Items from a dataset

════════════════════

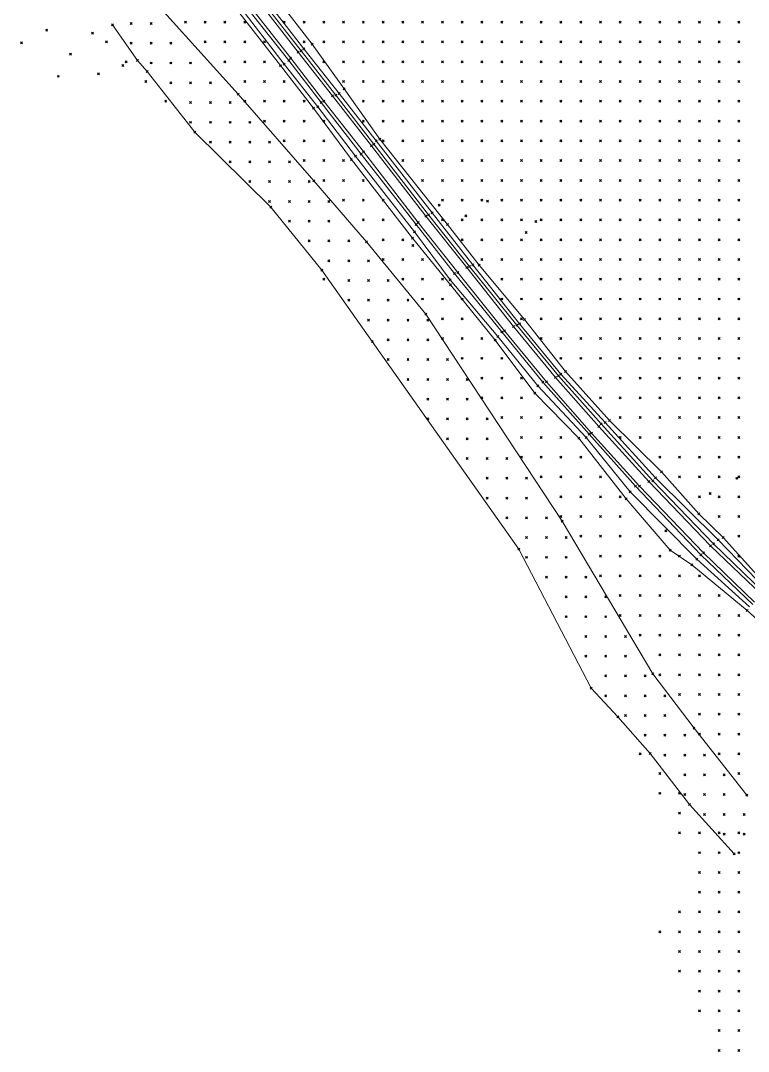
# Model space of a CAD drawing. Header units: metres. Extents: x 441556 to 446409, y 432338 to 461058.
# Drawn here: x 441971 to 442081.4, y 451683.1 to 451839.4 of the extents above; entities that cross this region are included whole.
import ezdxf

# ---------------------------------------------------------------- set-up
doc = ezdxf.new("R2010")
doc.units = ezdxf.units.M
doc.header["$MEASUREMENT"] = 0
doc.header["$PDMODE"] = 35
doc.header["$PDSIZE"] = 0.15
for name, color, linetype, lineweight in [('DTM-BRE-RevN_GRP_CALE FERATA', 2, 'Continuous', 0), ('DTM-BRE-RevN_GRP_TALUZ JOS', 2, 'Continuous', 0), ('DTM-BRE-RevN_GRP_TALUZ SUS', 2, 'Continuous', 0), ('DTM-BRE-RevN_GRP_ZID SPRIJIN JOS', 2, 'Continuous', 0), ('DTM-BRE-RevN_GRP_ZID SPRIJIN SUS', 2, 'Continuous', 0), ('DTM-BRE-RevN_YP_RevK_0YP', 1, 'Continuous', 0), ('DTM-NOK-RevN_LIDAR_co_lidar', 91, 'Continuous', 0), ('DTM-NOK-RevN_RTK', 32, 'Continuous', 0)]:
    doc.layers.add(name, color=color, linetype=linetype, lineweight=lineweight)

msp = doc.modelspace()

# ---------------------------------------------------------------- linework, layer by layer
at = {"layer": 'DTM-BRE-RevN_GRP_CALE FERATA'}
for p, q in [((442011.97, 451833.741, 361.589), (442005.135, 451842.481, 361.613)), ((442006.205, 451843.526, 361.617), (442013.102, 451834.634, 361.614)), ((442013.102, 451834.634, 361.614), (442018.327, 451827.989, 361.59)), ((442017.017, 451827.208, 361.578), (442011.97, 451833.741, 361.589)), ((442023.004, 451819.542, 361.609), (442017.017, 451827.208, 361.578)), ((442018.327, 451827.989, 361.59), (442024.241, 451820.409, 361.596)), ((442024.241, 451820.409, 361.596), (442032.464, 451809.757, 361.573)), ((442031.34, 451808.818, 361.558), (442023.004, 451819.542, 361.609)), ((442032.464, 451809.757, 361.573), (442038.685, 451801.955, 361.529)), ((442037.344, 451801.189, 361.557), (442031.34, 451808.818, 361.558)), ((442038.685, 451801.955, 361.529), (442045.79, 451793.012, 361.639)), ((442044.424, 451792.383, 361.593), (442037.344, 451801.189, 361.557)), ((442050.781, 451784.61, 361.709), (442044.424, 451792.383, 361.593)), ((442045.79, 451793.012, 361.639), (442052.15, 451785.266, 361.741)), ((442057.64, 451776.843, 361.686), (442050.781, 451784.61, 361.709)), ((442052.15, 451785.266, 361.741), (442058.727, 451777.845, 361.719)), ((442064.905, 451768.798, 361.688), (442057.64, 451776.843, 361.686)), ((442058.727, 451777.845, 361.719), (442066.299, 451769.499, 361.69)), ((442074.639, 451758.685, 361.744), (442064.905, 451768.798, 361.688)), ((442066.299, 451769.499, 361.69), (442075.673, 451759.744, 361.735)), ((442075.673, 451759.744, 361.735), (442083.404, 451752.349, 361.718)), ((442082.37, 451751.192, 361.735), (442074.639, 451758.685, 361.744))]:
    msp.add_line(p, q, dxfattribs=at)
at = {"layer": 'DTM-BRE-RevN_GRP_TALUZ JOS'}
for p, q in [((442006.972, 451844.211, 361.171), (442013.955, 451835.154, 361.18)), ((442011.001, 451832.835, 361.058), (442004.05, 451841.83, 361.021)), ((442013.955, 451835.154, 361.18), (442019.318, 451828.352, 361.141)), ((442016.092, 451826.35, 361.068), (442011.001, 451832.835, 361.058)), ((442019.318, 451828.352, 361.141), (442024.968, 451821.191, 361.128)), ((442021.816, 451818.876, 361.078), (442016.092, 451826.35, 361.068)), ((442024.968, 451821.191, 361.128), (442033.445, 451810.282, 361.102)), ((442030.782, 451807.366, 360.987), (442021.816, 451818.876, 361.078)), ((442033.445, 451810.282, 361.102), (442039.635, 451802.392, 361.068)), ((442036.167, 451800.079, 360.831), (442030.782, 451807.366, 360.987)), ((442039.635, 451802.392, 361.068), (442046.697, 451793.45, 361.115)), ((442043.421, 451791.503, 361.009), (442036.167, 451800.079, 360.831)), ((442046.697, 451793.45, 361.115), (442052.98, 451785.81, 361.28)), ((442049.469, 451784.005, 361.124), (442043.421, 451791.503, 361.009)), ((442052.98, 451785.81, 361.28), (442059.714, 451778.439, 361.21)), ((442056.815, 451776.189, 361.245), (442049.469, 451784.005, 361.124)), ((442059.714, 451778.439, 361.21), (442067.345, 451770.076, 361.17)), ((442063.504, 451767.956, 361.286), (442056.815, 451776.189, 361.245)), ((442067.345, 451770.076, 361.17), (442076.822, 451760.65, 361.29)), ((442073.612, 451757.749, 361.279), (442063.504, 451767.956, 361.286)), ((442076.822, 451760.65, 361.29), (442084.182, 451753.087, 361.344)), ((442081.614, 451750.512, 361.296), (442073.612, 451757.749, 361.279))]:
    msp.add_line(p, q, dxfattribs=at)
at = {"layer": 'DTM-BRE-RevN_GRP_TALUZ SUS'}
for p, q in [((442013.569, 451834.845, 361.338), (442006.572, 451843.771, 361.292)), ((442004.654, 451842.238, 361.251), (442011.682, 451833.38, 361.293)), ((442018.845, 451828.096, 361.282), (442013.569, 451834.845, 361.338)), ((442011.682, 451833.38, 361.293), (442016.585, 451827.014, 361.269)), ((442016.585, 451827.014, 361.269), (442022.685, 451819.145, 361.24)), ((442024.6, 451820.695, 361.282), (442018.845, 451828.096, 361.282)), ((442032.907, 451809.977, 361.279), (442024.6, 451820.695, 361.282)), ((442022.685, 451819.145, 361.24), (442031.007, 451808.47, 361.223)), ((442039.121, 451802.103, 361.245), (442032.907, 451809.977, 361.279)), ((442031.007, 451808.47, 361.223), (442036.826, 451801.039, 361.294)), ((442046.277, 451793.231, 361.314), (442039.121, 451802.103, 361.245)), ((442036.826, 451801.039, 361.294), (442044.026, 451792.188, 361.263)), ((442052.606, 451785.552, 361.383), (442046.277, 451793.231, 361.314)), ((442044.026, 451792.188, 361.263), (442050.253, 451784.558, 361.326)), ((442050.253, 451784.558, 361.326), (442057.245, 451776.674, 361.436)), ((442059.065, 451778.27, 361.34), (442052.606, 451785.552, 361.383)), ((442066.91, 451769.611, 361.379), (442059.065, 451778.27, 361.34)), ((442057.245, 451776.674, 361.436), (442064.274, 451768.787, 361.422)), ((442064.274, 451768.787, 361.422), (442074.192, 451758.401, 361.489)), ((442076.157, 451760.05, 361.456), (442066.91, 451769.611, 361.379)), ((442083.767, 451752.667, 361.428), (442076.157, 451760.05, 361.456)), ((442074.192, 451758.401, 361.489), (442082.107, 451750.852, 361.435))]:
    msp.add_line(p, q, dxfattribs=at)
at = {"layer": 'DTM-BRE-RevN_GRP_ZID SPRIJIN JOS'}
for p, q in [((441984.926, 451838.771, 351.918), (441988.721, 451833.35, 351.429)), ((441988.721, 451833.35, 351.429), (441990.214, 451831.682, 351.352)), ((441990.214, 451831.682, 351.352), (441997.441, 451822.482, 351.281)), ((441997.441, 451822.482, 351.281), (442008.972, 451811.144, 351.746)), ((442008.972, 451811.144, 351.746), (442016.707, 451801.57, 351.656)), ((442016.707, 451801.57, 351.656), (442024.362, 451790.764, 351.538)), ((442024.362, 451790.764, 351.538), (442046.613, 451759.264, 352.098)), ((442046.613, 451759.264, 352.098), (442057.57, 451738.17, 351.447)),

════════════════════

WHAT THE EXERCISE ASKS: Locate the word "ezdxf" in the data above. Copy every line carrying it.

EXERCISE SOLUTION:
import ezdxf
doc = ezdxf.new("R2010")
doc.units = ezdxf.units.M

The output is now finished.